Similarly, Draper, who published a book in 1874 entitled History of the Conflict between Religion and Science, claimed that the history of science was “a narrative of conflict of two contending powers.” He believed that faith in its nature is “unchangeable, stationary,” whereas science is “progressive.” White, who published the massive, two-volume History of the Warfare of Science with Theology in Christendom in 1896, also spoke of the “battle-fields of science,” contending that history reveals the “great sacred struggle for the liberty of science.”
But most of us know that historical movements can rarely be explained in such simplistic terms. In the last few decades, especially, historians have scrutinized the narratives of Draper and White and found them completely wanting. They have rightly debunked many of the “myths” about science and religion.
To a certain extent, however, these historians of science themselves are guilty of mythologization.
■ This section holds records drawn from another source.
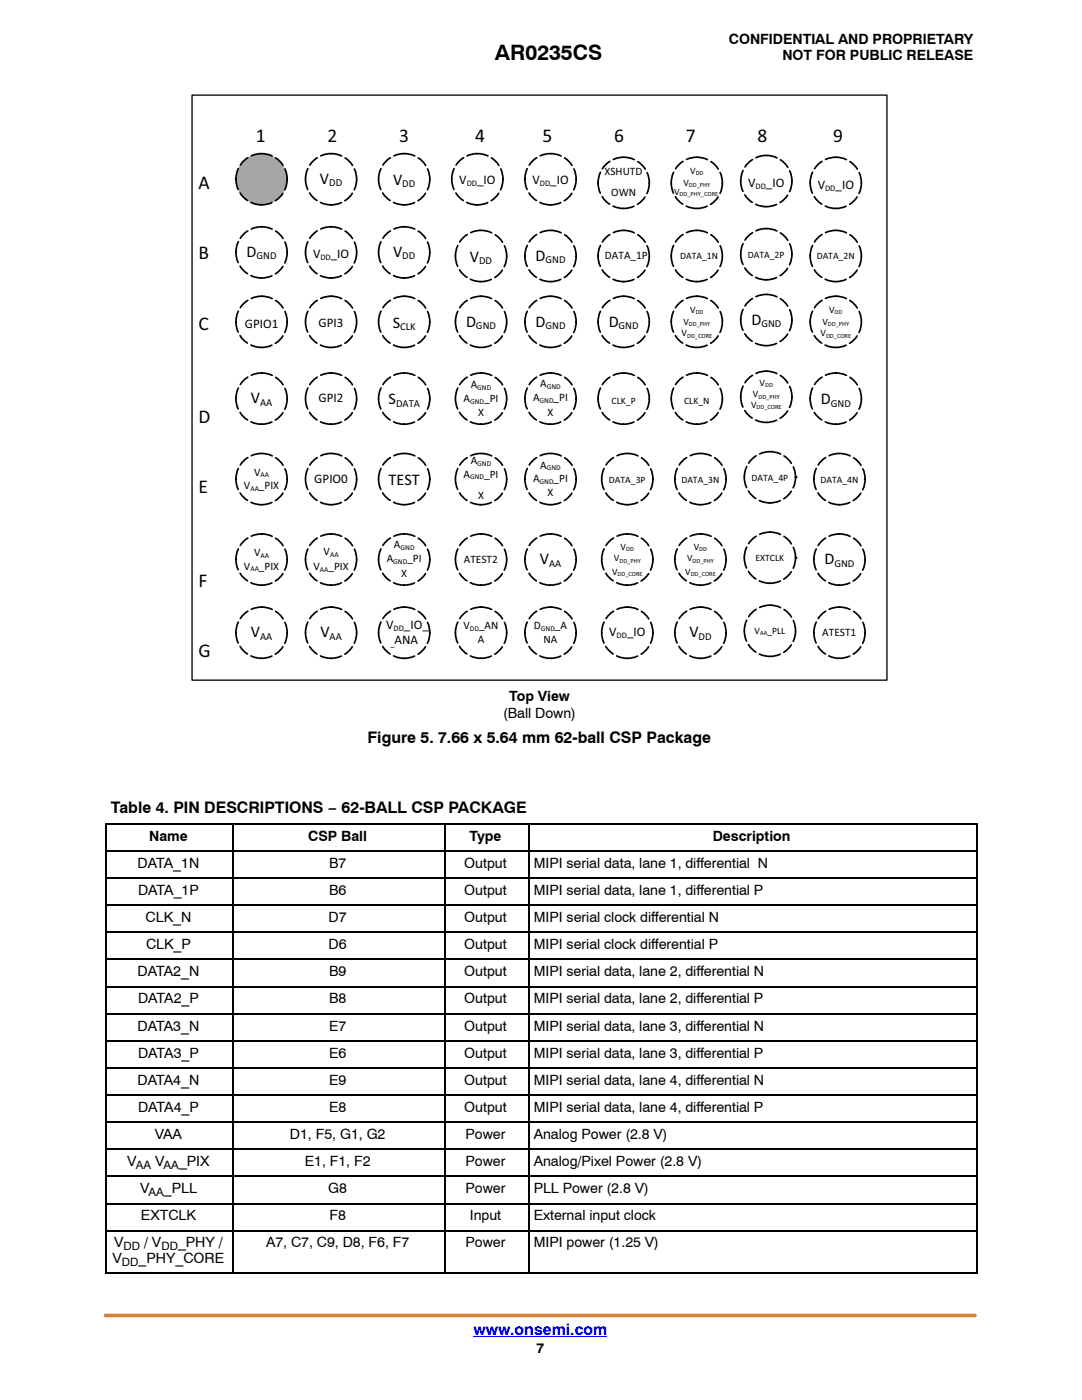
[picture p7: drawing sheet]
<svg xmlns="http://www.w3.org/2000/svg" width="216mm" height="279mm" viewBox="0 0 216 279" stroke-linecap="round" stroke-linejoin="round" font-family="sans-serif">
<path d="M21.1 262.5h173.5" fill="none" stroke="#d98038" stroke-width=".72"/>
<path d="M94.5 266.7h26.7" fill="none" stroke="#00f" stroke-width=".2"/>
<path d="M38.3 19h138.7v116.7h-138.7z" fill="#fff"/>
<path d="M38.3 19h138.7v116.7h-138.7z" fill="none" stroke="#000" stroke-width=".26"/>
<circle cx="52.2" cy="35.8" r="5.1" fill="#a6a6a6"/>
<path d="M47.1 35.8a5.1 5.1 0 0 0 5.1 5.1M52.2 30.7a5.1 5.1 0 0 0-5.1 5.1M57.3 35.8a5.1 5.1 0 0 0-5.1-5.1M52.2 40.9a5.1 5.1 0 0 0 5.1-5.1" fill="none" stroke="#000" stroke-width=".34" stroke-dasharray="2.1 .8"/>
<circle cx="66.1" cy="35.8" r="5.1" fill="#fff"/>
<path d="M61 35.8a5.1 5.1 0 0 0 5.1 5.1M66.1 30.7a5.1 5.1 0 0 0-5.1 5.1M71.2 35.8a5.1 5.1 0 0 0-5.1-5.1M66.1 40.9a5.1 5.1 0 0 0 5.1-5.1" fill="none" stroke="#000" stroke-width=".34" stroke-dasharray="2.1 .8"/>
<circle cx="80.7" cy="35.8" r="5.1" fill="#fff"/>
<path d="M75.5 35.8a5.1 5.1 0 0 0 5.2 5.1M80.7 30.7a5.1 5.1 0 0 0-5.2 5.1M85.8 35.8a5.1 5.1 0 0 0-5.1-5.1M80.7 40.9a5.1 5.1 0 0 0 5.1-5.1" fill="none" stroke="#000" stroke-width=".34" stroke-dasharray="2.1 .8"/>
<circle cx="95.3" cy="35.8" r="5.1" fill="#fff"/>
<path d="M90.1 35.8a5.1 5.1 0 0 0 5.2 5.1M95.3 30.7a5.1 5.1 0 0 0-5.2 5.1M100.4 35.8a5.1 5.1 0 0 0-5.1-5.1M95.3 40.9a5.1 5.1 0 0 0 5.1-5.1" fill="none" stroke="#000" stroke-width=".34" stroke-dasharray="2.1 .8"/>
<circle cx="109.8" cy="35.8" r="5.1" fill="#fff"/>
<path d="M104.7 35.8a5.1 5.1 0 0 0 5.1 5.1M109.8 30.7a5.1 5.1 0 0 0-5.1 5.1M115 35.8a5.1 5.1 0 0 0-5.2-5.1M109.8 40.9a5.1 5.1 0 0 0 5.2-5.1" fill="none" stroke="#000" stroke-width=".34" stroke-dasharray="2.1 .8"/>
<circle cx="124.4" cy="36.5" r="5.1" fill="#fff"/>
<path d="M119.3 36.5a5.1 5.1 0 0 0 5.1 5.1M124.4 31.4a5.1 5.1 0 0 0-5.1 5.1M129.6 36.5a5.1 5.1 0 0 0-5.2-5.1M124.4 41.6a5.1 5.1 0 0 0 5.2-5.1" fill="none" stroke="#000" stroke-width=".34" stroke-dasharray="2.1 .8"/>
<circle cx="52.2" cy="50.4" r="5.1" fill="#fff"/>
<path d="M47.1 50.4a5.1 5.1 0 0 0 5.1 5.1M52.2 45.3a5.1 5.1 0 0 0-5.1 5.1M52.2 55.5a5.1 5.1 0 0 0 5.1-5.1M57.3 50.4a5.1 5.1 0 0 0-5.1-5.1" fill="none" stroke="#000" stroke-width=".34" stroke-dasharray="2.1 .8"/>
<circle cx="52.2" cy="64.2" r="5.1" fill="#fff"/>
<path d="M52.2 59.1a5.1 5.1 0 0 0-5.1 5.1M47.1 64.2a5.1 5.1 0 0 0 5.1 5.1M52.2 69.3a5.1 5.1 0 0 0 5.1-5.1M57.3 64.2a5.1 5.1 0 0 0-5.1-5.1" fill="none" stroke="#000" stroke-width=".34" stroke-dasharray="2.1 .8"/>
<circle cx="52.2" cy="79.6" r="5.1" fill="#fff"/>
<path d="M47.1 79.6a5.1 5.1 0 0 0 5.1 5.1M52.2 74.4a5.1 5.1 0 0 0-5.1 5.2M57.3 79.6a5.1 5.1 0 0 0-5.1-5.2M52.2 84.7a5.1 5.1 0 0 0 5.1-5.1" fill="none" stroke="#000" stroke-width=".34" stroke-dasharray="2.1 .8"/>
<circle cx="52.2" cy="95.6" r="5.1" fill="#fff"/>
<path d="M47.1 95.6a5.1 5.1 0 0 0 5.1 5.1M52.2 90.5a5.1 5.1 0 0 0-5.1 5.1M57.3 95.6a5.1 5.1 0 0 0-5.1-5.1M52.2 100.7a5.1 5.1 0 0 0 5.1-5.1" fill="none" stroke="#000" stroke-width=".34" stroke-dasharray="2.1 .8"/>
<circle cx="52.2" cy="111.7" r="5.1" fill="#fff"/>
<path d="M47.1 111.7a5.1 5.1 0 0 0 5.1 5.1M52.2 106.6a5.1 5.1 0 0 0-5.1 5.1M52.2 116.8a5.1 5.1 0 0 0 5.1-5.1M57.3 111.7a5.1 5.1 0 0 0-5.1-5.1" fill="none" stroke="#000" stroke-width=".34" stroke-dasharray="2.1 .8"/>
<circle cx="66.1" cy="50.4" r="5.1" fill="#fff"/>
<path d="M61 50.4a5.1 5.1 0 0 0 5.1 5.1M66.1 45.3a5.1 5.1 0 0 0-5.1 5.1M66.1 55.5a5.1 5.1 0 0 0 5.1-5.1M71.2 50.4a5.1 5.1 0 0 0-5.1-5.1" fill="none" stroke="#000" stroke-width=".34" stroke-dasharray="2.1 .8"/>
<circle cx="80.7" cy="50.4" r="5.1" fill="#fff"/>
<path d="M75.5 50.4a5.1 5.1 0 0 0 5.2 5.1M80.7 45.3a5.1 5.1 0 0 0-5.2 5.1M80.7 55.5a5.1 5.1 0 0 0 5.1-5.1M85.8 50.4a5.1 5.1 0 0 0-5.1-5.1" fill="none" stroke="#000" stroke-width=".34" stroke-dasharray="2.1 .8"/>
<circle cx="96" cy="51.1" r="5.1" fill="#fff"/>
<path d="M90.9 51.1a5.1 5.1 0 0 0 5.1 5.1M96 46a5.1 5.1 0 0 0-5.1 5.1M96 56.2a5.1 5.1 0 0 0 5.1-5.1M101.1 51.1a5.1 5.1 0 0 0-5.1-5.1" fill="none" stroke="#000" stroke-width=".34" stroke-dasharray="2.1 .8"/>
<circle cx="109.8" cy="51.1" r="5.1" fill="#fff"/>
<path d="M104.7 51.1a5.1 5.1 0 0 0 5.1 5.1M109.8 46a5.1 5.1 0 0 0-5.1 5.1M109.8 56.2a5.1 5.1 0 0 0 5.2-5.1M115 51.1a5.1 5.1 0 0 0-5.2-5.1" fill="none" stroke="#000" stroke-width=".34" stroke-dasharray="2.1 .8"/>
<circle cx="124.4" cy="51.1" r="5.1" fill="#fff"/>
<path d="M119.3 51.1a5.1 5.1 0 0 0 5.1 5.1M124.4 46a5.1 5.1 0 0 0-5.1 5.1M124.4 56.2a5.1 5.1 0 0 0 5.2-5.1M129.6 51.1a5.1 5.1 0 0 0-5.2-5.1" fill="none" stroke="#000" stroke-width=".34" stroke-dasharray="2.1 .8"/>
<circle cx="66.1" cy="64.2" r="5.1" fill="#fff"/>
<path d="M66.1 59.1a5.1 5.1 0 0 0-5.1 5.1M61 64.2a5.1 5.1 0 0 0 5.1 5.1M66.1 69.3a5.1 5.1 0 0 0 5.1-5.1M71.2 64.2a5.1 5.1 0 0 0-5.1-5.1" fill="none" stroke="#000" stroke-width=".34" stroke-dasharray="2.1 .8"/>
<circle cx="80.7" cy="64.2" r="5.1" fill="#fff"/>
<path d="M80.7 59.1a5.1 5.1 0 0 0-5.2 5.1M75.5 64.2a5.1 5.1 0 0 0 5.2 5.1M80.7 69.3a5.1 5.1 0 0 0 5.1-5.1M85.8 64.2a5.1 5.1 0 0 0-5.1-5.1" fill="none" stroke="#000" stroke-width=".34" stroke-dasharray="2.1 .8"/>
<circle cx="96" cy="64.2" r="5.1" fill="#fff"/>
<path d="M96 59.1a5.1 5.1 0 0 0-5.1 5.1M90.9 64.2a5.1 5.1 0 0 0 5.1 5.1M96 69.3a5.1 5.1 0 0 0 5.1-5.1M101.1 64.2a5.1 5.1 0 0 0-5.1-5.1" fill="none" stroke="#000" stroke-width=".34" stroke-dasharray="2.1 .8"/>
<circle cx="109.8" cy="64.2" r="5.1" fill="#fff"/>
<path d="M109.8 59.1a5.1 5.1 0 0 0-5.1 5.1M104.7 64.2a5.1 5.1 0 0 0 5.1 5.1M109.8 69.3a5.1 5.1 0 0 0 5.2-5.1M115 64.2a5.1 5.1 0 0 0-5.2-5.1" fill="none" stroke="#000" stroke-width=".34" stroke-dasharray="2.1 .8"/>
<circle cx="124.4" cy="64.2" r="5.1" fill="#fff"/>
<path d="M124.4 59.1a5.1 5.1 0 0 0-5.1 5.1M119.3 64.2a5.1 5.1 0 0 0 5.1 5.1M124.4 69.3a5.1 5.1 0 0 0 5.2-5.1M129.6 64.2a5.1 5.1 0 0 0-5.2-5.1" fill="none" stroke="#000" stroke-width=".34" stroke-dasharray="2.1 .8"/>
<circle cx="66.1" cy="79.6" r="5.1" fill="#fff"/>
<path d="M61 79.6a5.1 5.1 0 0 0 5.1 5.1M66.1 74.4a5.1 5.1 0 0 0-5.1 5.2M71.2 79.6a5.1 5.1 0 0 0-5.1-5.2M66.1 84.7a5.1 5.1 0 0 0 5.1-5.1" fill="none" stroke="#000" stroke-width=".34" stroke-dasharray="2.1 .8"/>
<circle cx="80.7" cy="79.6" r="5.1" fill="#fff"/>
<path d="M75.5 79.6a5.1 5.1 0 0 0 5.2 5.1M80.7 74.4a5.1 5.1 0 0 0-5.2 5.2M85.8 79.6a5.1 5.1 0 0 0-5.1-5.2M80.7 84.7a5.1 5.1 0 0 0 5.1-5.1" fill="none" stroke="#000" stroke-width=".34" stroke-dasharray="2.1 .8"/>
<circle cx="96" cy="79.6" r="5.1" fill="#fff"/>
<path d="M90.9 79.6a5.1 5.1 0 0 0 5.1 5.1M96 74.4a5.1 5.1 0 0 0-5.1 5.2M101.1 79.6a5.1 5.1 0 0 0-5.1-5.2M96 84.7a5.1 5.1 0 0 0 5.1-5.1" fill="none" stroke="#000" stroke-width=".34" stroke-dasharray="2.1 .8"/>
<circle cx="109.8" cy="79.6" r="5.1" fill="#fff"/>
<path d="M104.7 79.6a5.1 5.1 0 0 0 5.1 5.1M109.8 74.4a5.1 5.1 0 0 0-5.1 5.2M115 79.6a5.1 5.1 0 0 0-5.2-5.2M109.8 84.7a5.1 5.1 0 0 0 5.2-5.1" fill="none" stroke="#000" stroke-width=".34" stroke-dasharray="2.1 .8"/>
<circle cx="124.4" cy="79.6" r="5.1" fill="#fff"/>
<path d="M119.3 79.6a5.1 5.1 0 0 0 5.1 5.1M124.4 74.4a5.1 5.1 0 0 0-5.1 5.2M129.6 79.6a5.1 5.1 0 0 0-5.2-5.2M124.4 84.7a5.1 5.1 0 0 0 5.2-5.1" fill="none" stroke="#000" stroke-width=".34" stroke-dasharray="2.1 .8"/>
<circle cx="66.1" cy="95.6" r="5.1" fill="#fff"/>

While it is true that there are many “myths” about the conflict between religion and science, the idea that the nineteenth century witnessed the inception of the “conflict thesis” is not entirely accurate either. What is more, we are only now beginning to recognize that many of the accused did not, in fact, envision a conflict between science and religion at all. The reason why scholars have been incorrect about the provenance of the “conflict thesis” is itself a complicated story—here I will make just a few observations.
First, many historians of science are neither historians of religion nor historians of theology. What is often missed in their discussions of Draper and White is an appreciation of the wider religious context in which such historical narratives appeared. Advances in natural science and biblical historical scholarship seemed to many a direct assault on orthodox Christian belief. And for good reasons, for many of those who embraced new understandings of nature and the Bible also rejected classical Christian beliefs.
Debates about the character of religion, both inside and outside the church, had been raging since the Protestant Reformation, and out of these debates emerged new ways of thinking about God, the nature of Christianity, and the historical Jesus, particularly during the long nineteenth century.
Secondly, this new expression of Christianity was deeply contested. The stakes could not have been higher. Indeed, many men and women in the nineteenth century believed that the reconciliation of science and religion depended on it. Significantly, those who promoted a more diffusive version of Christianity at the end of the century turned “theology” into a pejorative. By contrasting the idea of free, progressive scientific inquiry with the authoritative, reactionary methods of theology, many intellectuals imagined dogma, not faith, as the obstacle of modern thought. Thus “conflict” occurred, they believed, not between scientific truth and religious truth, but between contesting theological traditions.
The scientific naturalists Huxley, Tyndall, Spencer, and the even Draper and White, all made such a distinction between theology and religion. What enabled them to make such distinctions, again, were the changes in religious thought that occurred during the previous centuries. Draper, for example, argued in his History of the Intellectual Development of Europe, which was published in 1863, that Christianity had been “paganized” under Emperor Constantine. In his view, the intellectual history of Europe is largely a story of the corruption of Christianity. In fact, Draper believed that early Christianity was a gift of God, whereas ecclesiastical organizations, or institutionalized religion, were the products of human invention. By the fourteenth century, he complained, “God had altogether disappeared” from organized religion. With the paganization of Christianity, however, came what Draper called the “tyranny of theology over thought.” He declared that those “who had known what religion was in the apostolic days, might look with boundless surprise on what was now ingrafted upon it, and was passing under its name.” Even his notorious History of the Conflict, under closer inspection, continues to make such distinctions, as when Draper argues that he would only consider the “orthodox” or “extremist” position, and not the moderate ones.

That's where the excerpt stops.